Expression of TEs and KRAB-ZNF genes in Mayo Data.

(A) Variations in the expression of KRAB-ZNF genes and TEs using t-SNE analysis. cbe: cerebellum; tcx: temporal cortex. (B) Distributions of the expression of evolutionary old and youngKRAB-ZNF genes and TEs expression. (C) and (D) Differentially expressed KRAB-ZNF genes and TEs (absolute log2FoldChange > 0.5, p < 0.05) in temporal cortex (tcx) and cerebellum (cbe).

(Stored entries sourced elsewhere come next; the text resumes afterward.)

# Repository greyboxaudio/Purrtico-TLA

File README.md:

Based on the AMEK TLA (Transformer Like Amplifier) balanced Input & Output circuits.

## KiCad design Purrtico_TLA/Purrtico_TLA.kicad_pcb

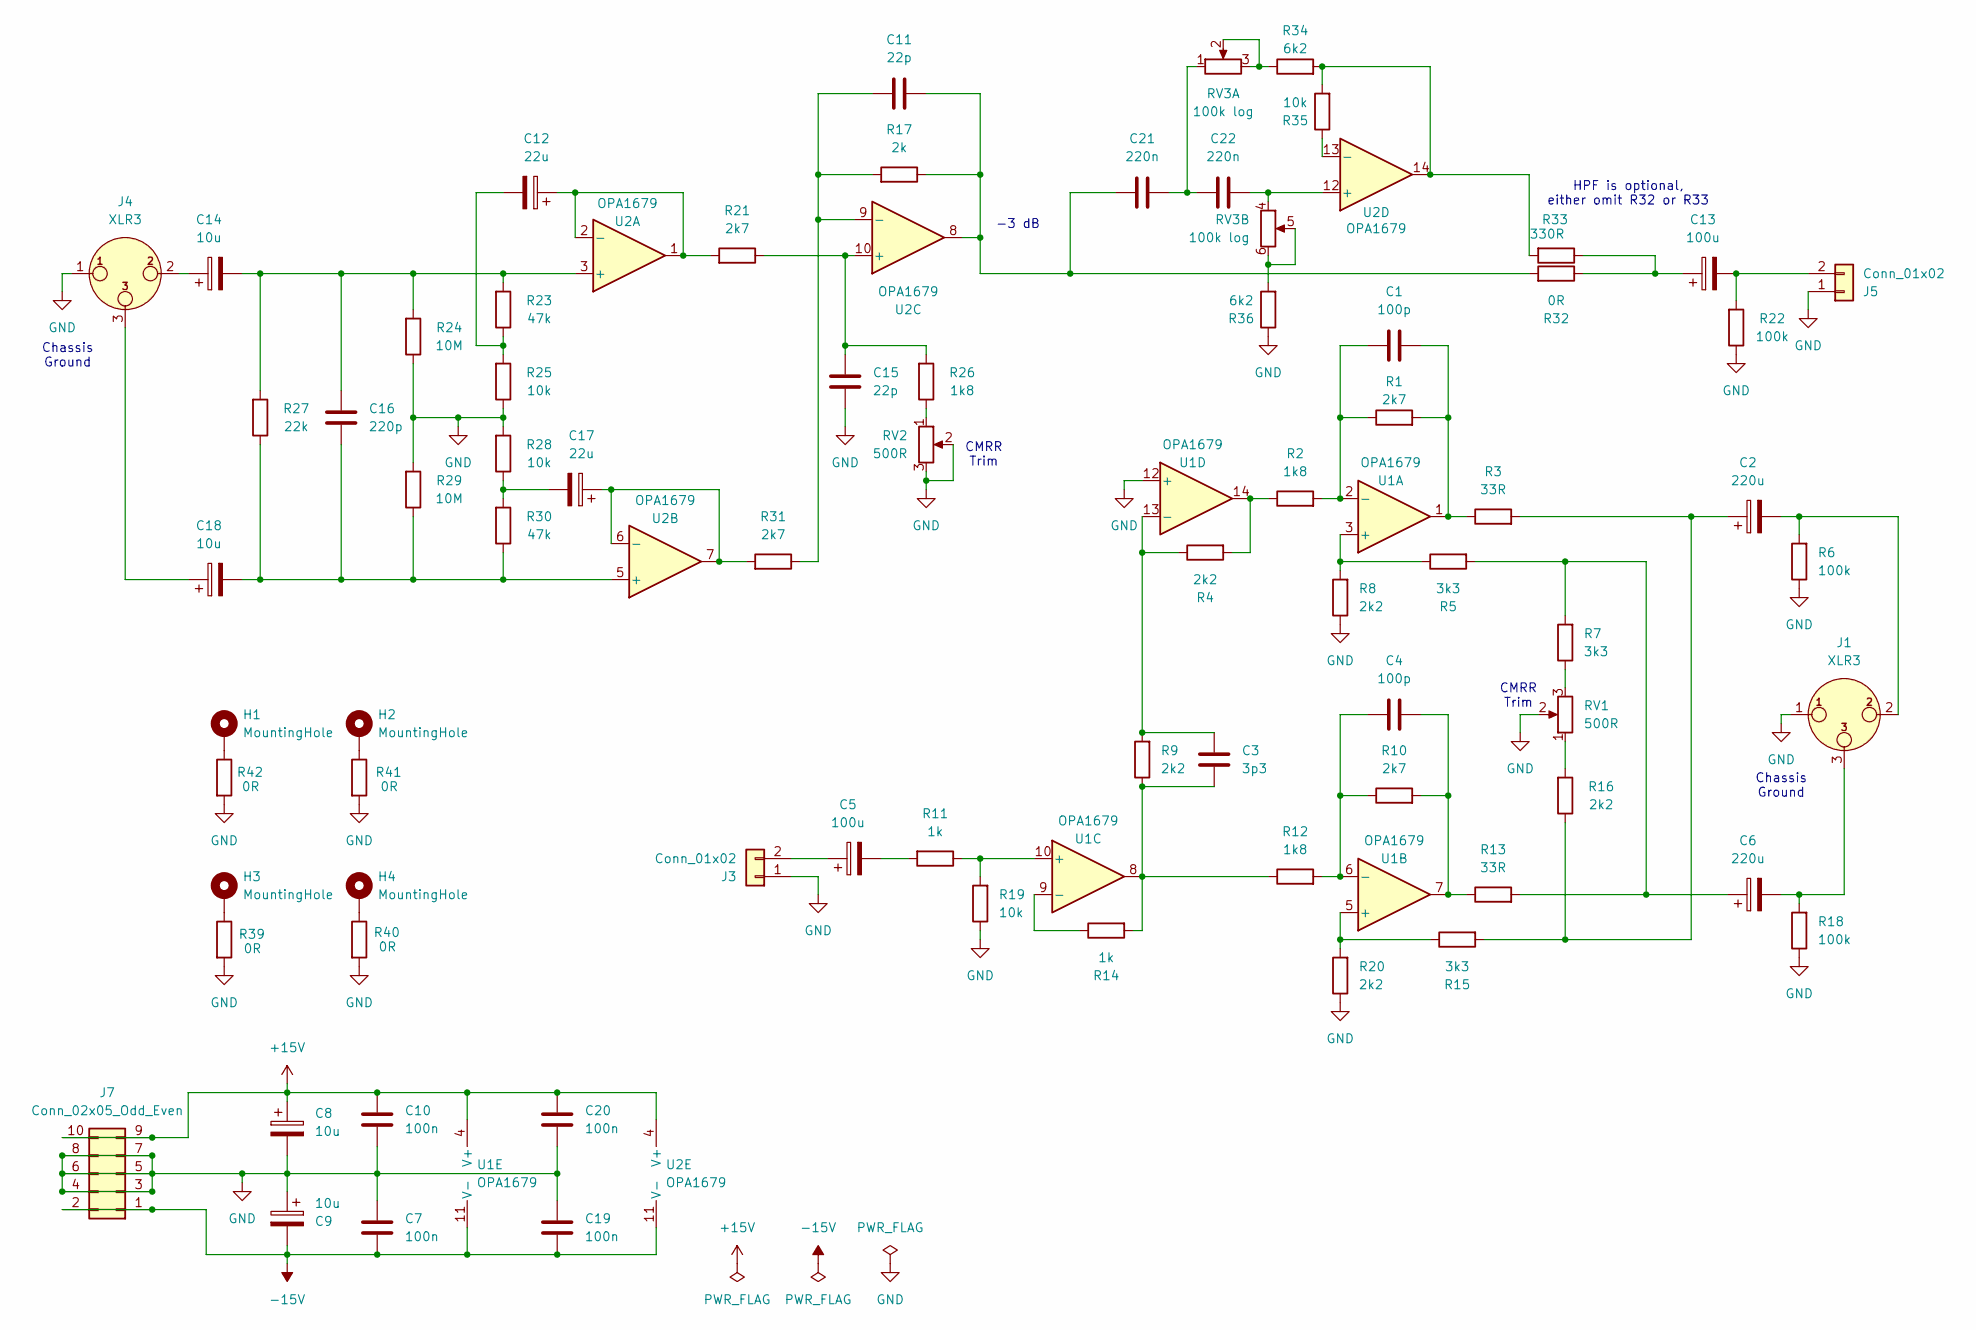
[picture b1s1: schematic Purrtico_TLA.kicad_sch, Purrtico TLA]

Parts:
C1, C4: 100p; C_1206_3216Metric
C2, C6: 220u; CP_Radial_D8.0mm_P3.50mm
C3: 3p3; C_1206_3216Metric
C5, C13: 100u; CP_Radial_D6.3mm_P2.50mm
C7, C10, C19, C20: 100n; C_1206_3216Metric
C8, C9, C14, C18: 10u; CP_Radial_D6.3mm_P2.50mm
C11, C15: 22p; C_1206_3216Metric
C12, C17: 22u; CP_Radial_D6.3mm_P2.50mm
C16: 220p; C_1206_3216Metric
C21, C22: 220n; C_Rect_L7.2mm_W2.5mm_P5.00mm_FKS2_FKP2_MKS2_MKP2
H1, H2, H3, H4: MountingHole; MountingHole_3.2mm_M3_DIN965_Pad
J1, J4: XLR3; PinHeader_1x03_P2.54mm_Vertical
J3, J5: Conn_01x02; PinHeader_1x02_P2.54mm_Vertical
J7: Conn_02x05_Odd_Even; PinHeader_2x05_P2.54mm_Vertical
R1, R10, R21, R31: 2k7; R_1206_3216Metric
R2, R12, R26: 1k8; R_1206_3216Metric
R3, R13: 33R; R_1206_3216Metric
R4, R8, R9, R16, R20: 2k2; R_1206_3216Metric
R5, R7, R15: 3k3; R_1206_3216Metric
R6, R18, R22: 100k; R_1206_3216Metric
R11, R14: 1k; R_1206_3216Metric
R17: 2k; R_1206_3216Metric
R19, R25, R28, R35: 10k; R_1206_3216Metric
R23, R30: 47k; R_1206_3216Metric
R24, R29: 10M; R_1206_3216Metric
R27: 22k; R_1206_3216Metric
R32, R39, R40, R41, R42: 0R; R_1206_3216Metric
R33: 330R; R_1206_3216Metric
R34, R36: 6k2; R_1206_3216Metric
RV1, RV2: 500R; PinHeader_1x03_P2.54mm_Vertical
RV3: 100k log; PinHeader_2x03_P2.54mm_Vertical
U1, U2: OPA1679; SOIC-14_3.9x8.7mm_P1.27mm

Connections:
+15V: C8.1, C10.2, C20.2, J7.9, J7.10, U1.4 (V+), U2.4 (V+)
-15V: C7.1, C9.2, C19.1, J7.1, J7.2, U1.11 (V-), U2.11 (V-)
GND: C7.2, C8.2, C9.1, C10.1, C15.2, C19.2, C20.1, J1.1, J3.1, J4.1, J5.1, J7.3, J7.4, J7.5, J7.6, J7.7, J7.8, R6.1, R8.1, R18.1, R19.1, R20.1, R22.1, R24.1, R25.1, R28.2, R29.2, R36.1, R39.2, R40.2, R41.2, R42.2, RV1.2, RV2.2, RV2.3, U1.12 (+)
unnamed: C1.2, R1.2, R3.1, U1.1
unnamed: C2.1, R3.2, R15.2, R16.1
unnamed: C2.2, J1.2, R6.2
unnamed: C3.1, R9.1, R12.1, R14.2, U1.8
unnamed: C4.2, R10.2, R13.1, U1.7
unnamed: C5.2, R11.2
unnamed: C6.1, R5.2, R7.2, R13.2
unnamed: C6.2, J1.3, R18.2
unnamed: C11.1, C21.1, R17.1, R32.2, U2.8
unnamed: C12.2, R23.1, R25.2
unnamed: C13.1, R32.1, R33.1
unnamed: C14.1, J4.2
unnamed: C17.2, R28.1, R30.2
unnamed: C18.1, J4.3
unnamed: C21.2, C22.1, RV3.1
unnamed: H1.1, R42.1
unnamed: H2.1, R41.1
unnamed: H3.1, R39.1
unnamed: H4.1, R40.1
unnamed: C5.1, J3.2
unnamed: C13.2, J5.2, R22.2
unnamed: R2.1, R4.2, U1.14
unnamed: R7.1, RV1.3
unnamed: R16.2, RV1.1
unnamed: R26.1, RV2.1
unnamed: R33.2, R34.2, R35.2, U2.14
unnamed: R34.1, RV3.2, RV3.3
unnamed: R36.2, RV3.5, RV3.6
unnamed: R5.1, R8.2, U1.3 (+)
unnamed: C1.1, R1.1, R2.2, U1.2 (-)
unnamed: R15.1, R20.2, U1.5 (+)
unnamed: C4.1, R10.1, R12.2, U1.6 (-)
unnamed: R11.1, R19.2, U1.10 (+)
unnamed: R14.1, U1.9 (-)
unnamed: C3.2, R4.1, R9.2, U1.13 (-)
unnamed: C14.2, C16.2, R23.2, R24.2, R27.2, U2.3 (+)
unnamed: C12.1, R21.2, U2.1, U2.2 (-)
unnamed: C16.1, C18.2, R27.1, R29.1, R30.1, U2.5 (+)
unnamed: C17.1, R31.2, U2.6 (-), U2.7
unnamed: C15.1, R21.1, R26.2, U2.10 (+)
unnamed: C11.2, R17.2, R31.1, U2.9 (-)
unnamed: C22.2, RV3.4, U2.12 (+)
unnamed: R35.1, U2.13 (-)

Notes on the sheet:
HPF is optional, either omit R32 or R33
CMRR Trim
Chassis Ground
-3 dB

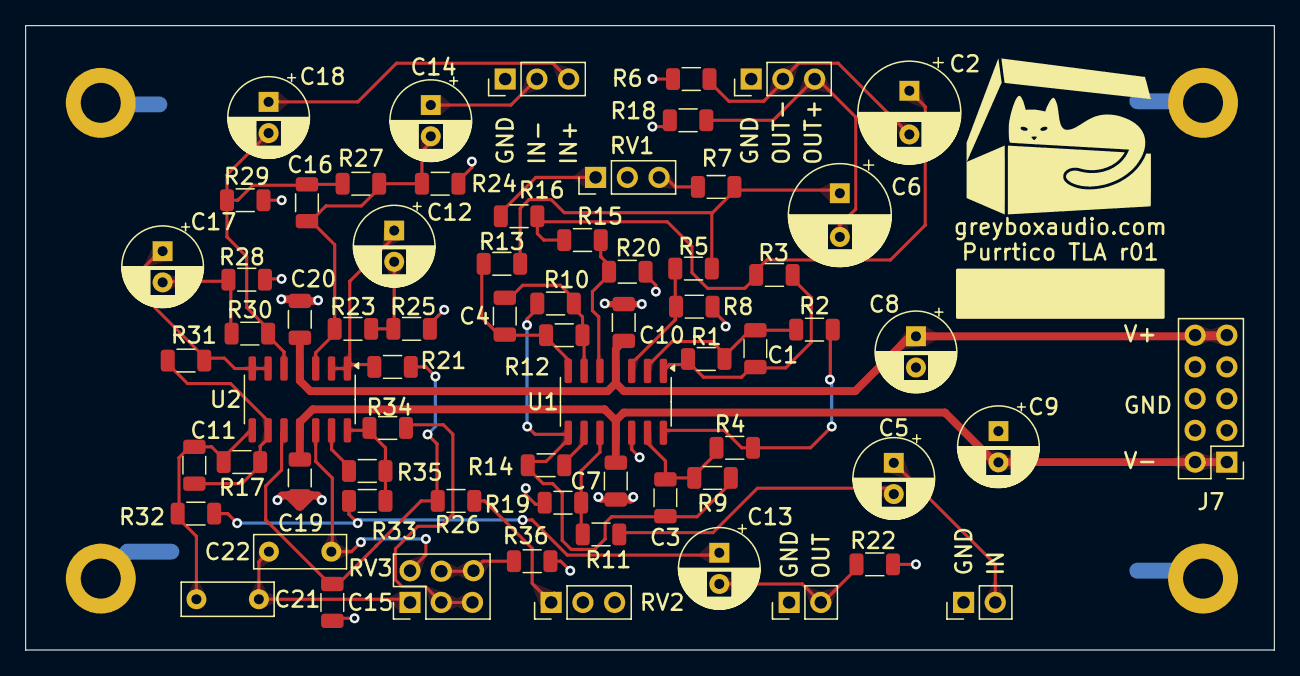
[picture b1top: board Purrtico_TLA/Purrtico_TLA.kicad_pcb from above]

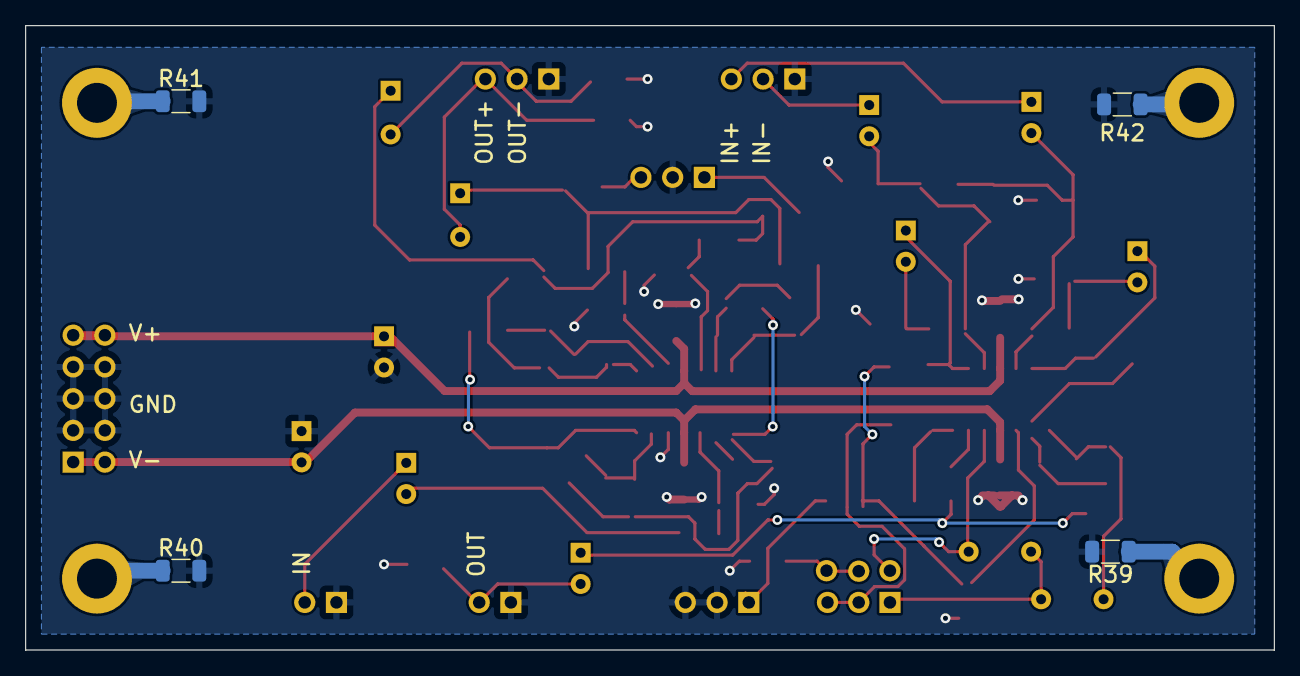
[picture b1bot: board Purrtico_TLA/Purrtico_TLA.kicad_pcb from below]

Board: 2 copper layers, 100.0 x 50.0 mm, 76 parts (4 on the bottom side), 46 nets.

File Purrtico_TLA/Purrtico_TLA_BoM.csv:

"Reference","Value","Qty","Datasheet","Footprint","DNP"
"C1,C4","100p","2","~","Capacitor_SMD:C_1206_3216Metric",""
"C2,C6","220u","2","~","Capacitor_THT:CP_Radial_D8.0mm_P3.50mm",""
"C3","3p3","1","~","Capacitor_SMD:C_1206_3216Metric",""
"C5,C13","100u","2","~","Capacitor_THT:CP_Radial_D6.3mm_P2.50mm",""
"C7,C10,C19,C20","100n","4","~","Capacitor_SMD:C_1206_3216Metric",""
"C8,C9,C14,C18","10u","4","~","Capacitor_THT:CP_Radial_D6.3mm_P2.50mm",""
"C11,C15","22p","2","~","Capacitor_SMD:C_1206_3216Metric",""
"C12,C17","22u","2","~","Capacitor_THT:CP_Radial_D6.3mm_P2.50mm",""
"C16","220p","1","~","Capacitor_SMD:C_1206_3216Metric",""
"C21,C22","220n","2","~","Capacitor_THT:C_Rect_L7.2mm_W2.5mm_P5.00mm_FKS2_FKP2_MKS2_MKP2",""
"J1,J4","XLR3","2","~","Connector_PinHeader_2.54mm:PinHeader_1x03_P2.54mm_Vertical",""
"J3,J5","Conn_01x02","2","~","Connector_PinHeader_2.54mm:PinHeader_1x02_P2.54mm_Vertical",""
"J7","Conn_02x05_Odd_Even","1","~","Connector_PinHeader_2.54mm:PinHeader_2x05_P2.54mm_Vertical",""
"R1,R10,R21,R31","2k7","4","~","Resistor_SMD:R_1206_3216Metric",""
"R2,R12,R26","1k8","3","~","Resistor_SMD:R_1206_3216Metric",""
"R3,R13","33R","2","~","Resistor_SMD:R_1206_3216Metric",""
"R4,R8,R9,R16,R20","2k2","5","~","Resistor_SMD:R_1206_3216Metric",""
"R5,R7,R15","3k3","3","~","Resistor_SMD:R_1206_3216Metric",""
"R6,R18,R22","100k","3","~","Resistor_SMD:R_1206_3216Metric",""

The expression of KRAB-ZNF genes and TEs in cerebellum shared the same log expression scale.

TE:KRAB-ZNF analysis in Mayo Data.

(A) Overlaps of TE:KRAB-ZNF between control and AD condition in temporal cortex and cerebellum (denoted as cbe_control, tcx_control, cbe_AD and tcx_AD). (B) 21 human-control-specific TE:KRAB-ZNFs were selected from the intersection of human-specific TE:KRAB-ZNFs from Primate Brain Data (not detected in the other NHPs) and control-specific TE:KRAB-ZNFs from Mayo Data in temporal cortex (not detected in AD samples). (C) Distribution of TE families counts involve 21 control-specific TE:KRAB-ZNF in the temporal cortex. (D) Comparison of the expression and correlation results of AluYc:ZNF182 and L1MA6:ZNF211 in the temporal cortex. (E) and (F) are the bipartite network of 21 TE:KRAB-ZNF in the temporal cortex. (E) Coloring TE nodes in green and KRAB-ZNF nodes in violet. Evolutionary young links are in orange and evolutionary old links are in blue. Orange border specified that this TE or KRAB-ZNF evolved recently. (F) There are two modules in the network colored in pink and gray based on their bipartite modularity. Brown links indicate negative correlations and green links are positive correlations.